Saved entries
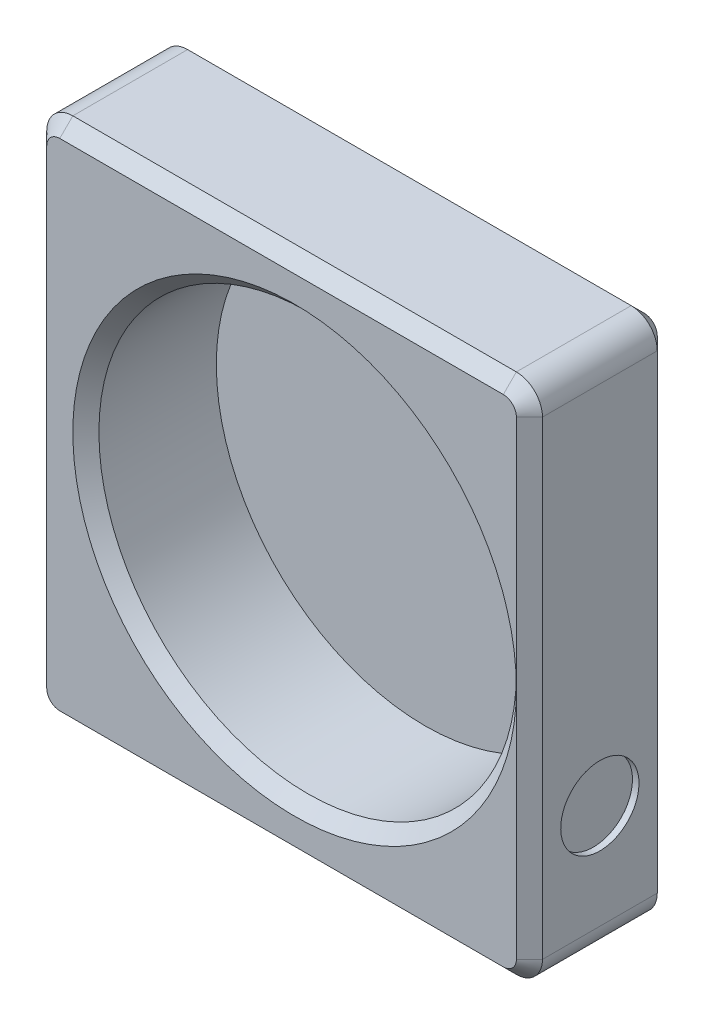
ISO-10303-21;
HEADER;
FILE_DESCRIPTION(('STEP AP214'),'2;1');
FILE_NAME('part.step','',(''),(''),'','','');
FILE_SCHEMA(('AUTOMOTIVE_DESIGN { 1 0 10303 214 1 1 1 1 }'));
ENDSEC;
DATA;
#1=APPLICATION_CONTEXT('core data for automotive mechanical design processes');
#2=APPLICATION_PROTOCOL_DEFINITION('international standard','automotive_design',2000,#1);
#3=PRODUCT_CONTEXT('',#1,'mechanical');
#4=PRODUCT('Part','Part','',(#3));
#5=PRODUCT_RELATED_PRODUCT_CATEGORY('part','',(#4));
#6=PRODUCT_DEFINITION_FORMATION('','',#4);
#7=PRODUCT_DEFINITION_CONTEXT('part definition',#1,'design');
#8=PRODUCT_DEFINITION('design','',#6,#7);
#9=PRODUCT_DEFINITION_SHAPE('','',#8);
#10=(LENGTH_UNIT() NAMED_UNIT(*) SI_UNIT(.MILLI.,.METRE.));
#11=(NAMED_UNIT(*) PLANE_ANGLE_UNIT() SI_UNIT($,.RADIAN.));
#12=(NAMED_UNIT(*) SI_UNIT($,.STERADIAN.) SOLID_ANGLE_UNIT());
#13=UNCERTAINTY_MEASURE_WITH_UNIT(LENGTH_MEASURE(1.E-05),#10,'distance_accuracy_value','');
#14=(GEOMETRIC_REPRESENTATION_CONTEXT(3) GLOBAL_UNCERTAINTY_ASSIGNED_CONTEXT((#13)) GLOBAL_UNIT_ASSIGNED_CONTEXT((#10,
#11,#12)) REPRESENTATION_CONTEXT('',''));
#15=CARTESIAN_POINT('',(0.,0.,0.));
#16=DIRECTION('',(0.,0.,1.));
#17=DIRECTION('',(1.,0.,0.));
#18=AXIS2_PLACEMENT_3D('',#15,#16,#17);
#19=CARTESIAN_POINT('',(-10.,-10.,5.4));
#20=DIRECTION('',(1.,0.,0.));
#21=DIRECTION('',(0.,0.,-1.));
#22=AXIS2_PLACEMENT_3D('',#19,#20,#21);
#23=PLANE('',#22);
#24=DIRECTION('',(0.,0.,1.));
#25=VECTOR('',#24,1.);
#26=CARTESIAN_POINT('',(-10.,4.5,0.));
#27=LINE('',#26,#25);
#28=CARTESIAN_POINT('',(-10.,4.5,0.500000000000004));
#29=VERTEX_POINT('',#28);
#30=CARTESIAN_POINT('',(-10.,4.5,4.9));
#31=VERTEX_POINT('',#30);
#32=EDGE_CURVE('E219',#29,#31,#27,.T.);
#33=ORIENTED_EDGE('',*,*,#32,.F.);
#34=DIRECTION('',(0.,-1.,0.));
#35=VECTOR('',#34,1.);
#36=CARTESIAN_POINT('',(-10.,-9.,0.500000000000004));
#37=LINE('',#36,#35);
#38=CARTESIAN_POINT('',(-10.,-9.,0.500000000000004));
#39=VERTEX_POINT('',#38);
#40=EDGE_CURVE('E193',#29,#39,#37,.T.);
#41=ORIENTED_EDGE('',*,*,#40,.T.);
#42=DIRECTION('',(0.,0.,-1.));
#43=VECTOR('',#42,1.);
#44=CARTESIAN_POINT('',(-10.,-9.,5.4));
#45=LINE('',#44,#43);
#46=CARTESIAN_POINT('',(-10.,-9.,4.9));
#47=VERTEX_POINT('',#46);
#48=EDGE_CURVE('E216',#39,#47,#45,.F.);
#49=ORIENTED_EDGE('',*,*,#48,.T.);
#50=DIRECTION('',(0.,1.,0.));
#51=VECTOR('',#50,1.);
#52=CARTESIAN_POINT('',(-10.,-10.,4.9));
#53=LINE('',#52,#51);
#54=EDGE_CURVE('E220',#47,#31,#53,.T.);
#55=ORIENTED_EDGE('',*,*,#54,.T.);
#56=EDGE_LOOP('',(#33,#41,#49,#55));
#57=FACE_BOUND('',#56,.T.);
#58=ADVANCED_FACE('F45',(#57),#23,.F.);
#59=CARTESIAN_POINT('',(-10.,10.,5.4));
#60=DIRECTION('',(0.,-1.,0.));
#61=DIRECTION('',(0.,0.,-1.));
#62=AXIS2_PLACEMENT_3D('',#59,#60,#61);
#63=PLANE('',#62);
#64=DIRECTION('',(0.,0.,1.));
#65=VECTOR('',#64,1.);
#66=CARTESIAN_POINT('',(8.,10.,5.4));
#67=LINE('',#66,#65);
#68=CARTESIAN_POINT('',(8.,10.,4.9));
#69=VERTEX_POINT('',#68);
#70=CARTESIAN_POINT('',(8.,10.,0.500000000000004));
#71=VERTEX_POINT('',#70);
#72=EDGE_CURVE('E225',#69,#71,#67,.F.);
#73=ORIENTED_EDGE('',*,*,#72,.T.);
#74=DIRECTION('',(-1.,0.,0.));
#75=VECTOR('',#74,1.);
#76=CARTESIAN_POINT('',(-9.,10.,0.500000000000004));
#77=LINE('',#76,#75);
#78=CARTESIAN_POINT('',(-9.,10.,0.500000000000004));
#79=VERTEX_POINT('',#78);
#80=EDGE_CURVE('E279',#71,#79,#77,.T.);
#81=ORIENTED_EDGE('',*,*,#80,.T.);
#82=DIRECTION('',(0.,0.,-1.));
#83=VECTOR('',#82,1.);
#84=CARTESIAN_POINT('',(-9.,10.,5.4));
#85=LINE('',#84,#83);
#86=CARTESIAN_POINT('',(-9.,10.,4.9));
#87=VERTEX_POINT('',#86);
#88=EDGE_CURVE('E230',#79,#87,#85,.F.);
#89=ORIENTED_EDGE('',*,*,#88,.T.);
#90=DIRECTION('',(1.,0.,0.));
#91=VECTOR('',#90,1.);
#92=CARTESIAN_POINT('',(-10.,10.,4.9));
#93=LINE('',#92,#91);
#94=EDGE_CURVE('E277',#87,#69,#93,.T.);
#95=ORIENTED_EDGE('',*,*,#94,.T.);
#96=EDGE_LOOP('',(#73,#81,#89,#95));
#97=FACE_BOUND('',#96,.T.);
#98=ADVANCED_FACE('F407',(#97),#63,.F.);
#99=DIRECTION('',(0.,0.,-1.));
#100=VECTOR('',#99,1.);
#101=CARTESIAN_POINT('',(-10.,9.,5.4));
#102=LINE('',#101,#100);
#103=CARTESIAN_POINT('',(-10.,9.,4.9));
#104=VERTEX_POINT('',#103);
#105=CARTESIAN_POINT('',(-10.,9.,0.500000000000004));
#106=VERTEX_POINT('',#105);
#107=EDGE_CURVE('E224',#104,#106,#102,.T.);
#108=ORIENTED_EDGE('',*,*,#107,.T.);
#109=DIRECTION('',(0.,-1.,0.));
#110=VECTOR('',#109,1.);
#111=CARTESIAN_POINT('',(-10.,5.5,0.500000000000004));
#112=LINE('',#111,#110);
#113=CARTESIAN_POINT('',(-10.,5.5,0.500000000000004));
#114=VERTEX_POINT('',#113);
#115=EDGE_CURVE('E288',#106,#114,#112,.T.);
#116=ORIENTED_EDGE('',*,*,#115,.T.);
#117=DIRECTION('',(0.,0.,-1.));
#118=VECTOR('',#117,1.);
#119=CARTESIAN_POINT('',(-10.,5.5,0.));
#120=LINE('',#119,#118);
#121=CARTESIAN_POINT('',(-10.,5.5,4.9));
#122=VERTEX_POINT('',#121);
#123=EDGE_CURVE('E506',#122,#114,#120,.T.);
#124=ORIENTED_EDGE('',*,*,#123,.F.);
#125=DIRECTION('',(0.,1.,0.));
#126=VECTOR('',#125,1.);
#127=CARTESIAN_POINT('',(-10.,-10.,4.9));
#128=LINE('',#127,#126);
#129=EDGE_CURVE('E286',#122,#104,#128,.T.);
#130=ORIENTED_EDGE('',*,*,#129,.T.);
#131=EDGE_LOOP('',(#108,#116,#124,#130));
#132=FACE_BOUND('',#131,.T.);
#133=ADVANCED_FACE('F476',(#132),#23,.F.);
#134=CARTESIAN_POINT('',(-10.,-10.,5.4));
#135=DIRECTION('',(0.,1.,0.));
#136=DIRECTION('',(0.,0.,1.));
#137=AXIS2_PLACEMENT_3D('',#134,#135,#136);
#138=PLANE('',#137);
#139=DIRECTION('',(0.,0.,-1.));
#140=VECTOR('',#139,1.);
#141=CARTESIAN_POINT('',(-9.,-10.,5.4));
#142=LINE('',#141,#140);
#143=CARTESIAN_POINT('',(-9.,-10.,4.9));
#144=VERTEX_POINT('',#143);
#145=CARTESIAN_POINT('',(-9.,-10.,0.500000000000004));
#146=VERTEX_POINT('',#145);
#147=EDGE_CURVE('E385',#144,#146,#142,.T.);
#148=ORIENTED_EDGE('',*,*,#147,.T.);
#149=DIRECTION('',(1.,0.,0.));
#150=VECTOR('',#149,1.);
#151=CARTESIAN_POINT('',(8.00000000000001,-10.,0.500000000000004));
#152=LINE('',#151,#150);
#153=CARTESIAN_POINT('',(8.00000000000001,-10.,0.500000000000004));
#154=VERTEX_POINT('',#153);
#155=EDGE_CURVE('E263',#146,#154,#152,.T.);
#156=ORIENTED_EDGE('',*,*,#155,.T.);
#157=DIRECTION('',(0.,0.,1.));
#158=VECTOR('',#157,1.);
#159=CARTESIAN_POINT('',(8.00000000000001,-10.,5.4));
#160=LINE('',#159,#158);
#161=CARTESIAN_POINT('',(8.00000000000001,-10.,4.9));
#162=VERTEX_POINT('',#161);
#163=EDGE_CURVE('E390',#154,#162,#160,.T.);
#164=ORIENTED_EDGE('',*,*,#163,.T.);
#165=DIRECTION('',(-1.,0.,0.));
#166=VECTOR('',#165,1.);
#167=CARTESIAN_POINT('',(-10.,-10.,4.9));
#168=LINE('',#167,#166);
#169=EDGE_CURVE('E209',#162,#144,#168,.T.);
#170=ORIENTED_EDGE('',*,*,#169,.T.);
#171=EDGE_LOOP('',(#148,#156,#164,#170));
#172=FACE_BOUND('',#171,.T.);
#173=ADVANCED_FACE('F439',(#172),#138,.F.);
#174=CARTESIAN_POINT('',(0.,0.,5.4));
#175=DIRECTION('',(0.,0.,-1.));
#176=DIRECTION('',(-1.,0.,0.));
#177=AXIS2_PLACEMENT_3D('',#174,#175,#176);
#178=PLANE('',#177);
#179=CARTESIAN_POINT('',(8.00000000000001,-9.,5.4));
#180=DIRECTION('',(0.,0.,-1.));
#181=DIRECTION('',(-1.,0.,0.));
#182=AXIS2_PLACEMENT_3D('',#179,#180,#181);
#183=CIRCLE('',#182,0.5);
#184=CARTESIAN_POINT('',(8.00000000000001,-9.5,5.4));
#185=VERTEX_POINT('',#184);
#186=CARTESIAN_POINT('',(8.50000000000001,-9.,5.4));
#187=VERTEX_POINT('',#186);
#188=EDGE_CURVE('E63',#185,#187,#183,.F.);
#189=ORIENTED_EDGE('',*,*,#188,.T.);
#190=DIRECTION('',(0.,1.,0.));
#191=VECTOR('',#190,1.);
#192=CARTESIAN_POINT('',(8.5,0.,5.4));
#193=LINE('',#192,#191);
#194=CARTESIAN_POINT('',(8.5,0.,5.4));
#195=VERTEX_POINT('',#194);
#196=EDGE_CURVE('E55',#187,#195,#193,.T.);
#197=ORIENTED_EDGE('',*,*,#196,.T.);
#198=CARTESIAN_POINT('',(0.,0.,5.4));
#199=DIRECTION('',(0.,0.,-1.));
#200=DIRECTION('',(-1.,0.,0.));
#201=AXIS2_PLACEMENT_3D('',#198,#199,#200);
#202=CIRCLE('',#201,8.5);
#203=EDGE_CURVE('E295',#195,#195,#202,.T.);
#204=ORIENTED_EDGE('',*,*,#203,.T.);
#205=DIRECTION('',(0.,1.,0.));
#206=VECTOR('',#205,1.);
#207=CARTESIAN_POINT('',(8.5,0.,5.4));
#208=LINE('',#207,#206);
#209=CARTESIAN_POINT('',(8.5,9.,5.4));
#210=VERTEX_POINT('',#209);
#211=EDGE_CURVE('E298',#195,#210,#208,.T.);
#212=ORIENTED_EDGE('',*,*,#211,.T.);
#213=CARTESIAN_POINT('',(8.,9.,5.4));
#214=DIRECTION('',(0.,0.,-1.));
#215=DIRECTION('',(-1.,0.,0.));
#216=AXIS2_PLACEMENT_3D('',#213,#214,#215);
#217=CIRCLE('',#216,0.499999999999999);
#218=CARTESIAN_POINT('',(8.,9.5,5.4));
#219=VERTEX_POINT('',#218);
#220=EDGE_CURVE('E300',#210,#219,#217,.F.);
#221=ORIENTED_EDGE('',*,*,#220,.T.);
#222=DIRECTION('',(-1.,0.,0.));
#223=VECTOR('',#222,1.);
#224=CARTESIAN_POINT('',(0.,9.5,5.4));
#225=LINE('',#224,#223);
#226=CARTESIAN_POINT('',(-9.,9.5,5.4));
#227=VERTEX_POINT('',#226);
#228=EDGE_CURVE('E302',#219,#227,#225,.T.);
#229=ORIENTED_EDGE('',*,*,#228,.T.);
#230=CARTESIAN_POINT('',(-9.,9.,5.4));
#231=DIRECTION('',(0.,0.,-1.));
#232=DIRECTION('',(-1.,0.,0.));
#233=AXIS2_PLACEMENT_3D('',#230,#231,#232);
#234=CIRCLE('',#233,0.499999999999999);
#235=CARTESIAN_POINT('',(-9.5,9.,5.4));
#236=VERTEX_POINT('',#235);
#237=EDGE_CURVE('E304',#227,#236,#234,.F.);
#238=ORIENTED_EDGE('',*,*,#237,.T.);
#239=DIRECTION('',(0.,-1.,0.));
#240=VECTOR('',#239,1.);
#241=CARTESIAN_POINT('',(-9.5,0.,5.4));
#242=LINE('',#241,#240);
#243=CARTESIAN_POINT('',(-9.5,-9.,5.4));
#244=VERTEX_POINT('',#243);
#245=EDGE_CURVE('E306',#236,#244,#242,.T.);
#246=ORIENTED_EDGE('',*,*,#245,.T.);
#247=CARTESIAN_POINT('',(-9.,-9.,5.4));
#248=DIRECTION('',(0.,0.,-1.));
#249=DIRECTION('',(-1.,0.,0.));
#250=AXIS2_PLACEMENT_3D('',#247,#248,#249);
#251=CIRCLE('',#250,0.499999999999999);
#252=CARTESIAN_POINT('',(-9.,-9.5,5.4));
#253=VERTEX_POINT('',#252);
#254=EDGE_CURVE('E308',#244,#253,#251,.F.);
#255=ORIENTED_EDGE('',*,*,#254,.T.);
#256=DIRECTION('',(1.,0.,0.));
#257=VECTOR('',#256,1.);
#258=CARTESIAN_POINT('',(0.,-9.5,5.4));
#259=LINE('',#258,#257);
#260=EDGE_CURVE('E68',#253,#185,#259,.T.);
#261=ORIENTED_EDGE('',*,*,#260,.T.);
#262=EDGE_LOOP('',(#189,#197,#204,#212,#221,#229,#238,#246,#255,#261));
#263=FACE_BOUND('',#262,.T.);
#264=ADVANCED_FACE('F366',(#263),#178,.F.);
#265=CARTESIAN_POINT('',(0.,0.,0.));
#266=DIRECTION('',(0.,0.,-1.));
#267=DIRECTION('',(-1.,0.,0.));
#268=AXIS2_PLACEMENT_3D('',#265,#266,#267);
#269=PLANE('',#268);
#270=CARTESIAN_POINT('',(-9.,-9.,0.));
#271=DIRECTION('',(0.,0.,-1.));
#272=DIRECTION('',(-1.,0.,0.));
#273=AXIS2_PLACEMENT_3D('',#270,#271,#272);
#274=CIRCLE('',#273,0.499999999999995);
#275=CARTESIAN_POINT('',(-9.,-9.5,0.));
#276=VERTEX_POINT('',#275);
#277=CARTESIAN_POINT('',(-9.5,-9.,0.));
#278=VERTEX_POINT('',#277);
#279=EDGE_CURVE('E250',#276,#278,#274,.T.);
#280=ORIENTED_EDGE('',*,*,#279,.T.);
#281=DIRECTION('',(0.,1.,0.));
#282=VECTOR('',#281,1.);
#283=CARTESIAN_POINT('',(-9.5,9.,0.));
#284=LINE('',#283,#282);
#285=CARTESIAN_POINT('',(-9.5,9.,0.));
#286=VERTEX_POINT('',#285);
#287=EDGE_CURVE('E194',#278,#286,#284,.T.);
#288=ORIENTED_EDGE('',*,*,#287,.T.);
#289=CARTESIAN_POINT('',(-9.,9.,0.));
#290=DIRECTION('',(0.,0.,-1.));
#291=DIRECTION('',(-1.,0.,0.));
#292=AXIS2_PLACEMENT_3D('',#289,#290,#291);
#293=CIRCLE('',#292,0.499999999999995);
#294=CARTESIAN_POINT('',(-9.,9.49999999999999,0.));
#295=VERTEX_POINT('',#294);
#296=EDGE_CURVE('E237',#286,#295,#293,.T.);
#297=ORIENTED_EDGE('',*,*,#296,.T.);
#298=DIRECTION('',(1.,0.,0.));
#299=VECTOR('',#298,1.);
#300=CARTESIAN_POINT('',(8.,9.5,0.));
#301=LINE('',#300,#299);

▸ Task details: If the word "mechanical" is on a line above, return that line.

▸ Expected answer:
#1=APPLICATION_CONTEXT('core data for automotive mechanical design processes');
#3=PRODUCT_CONTEXT('',#1,'mechanical');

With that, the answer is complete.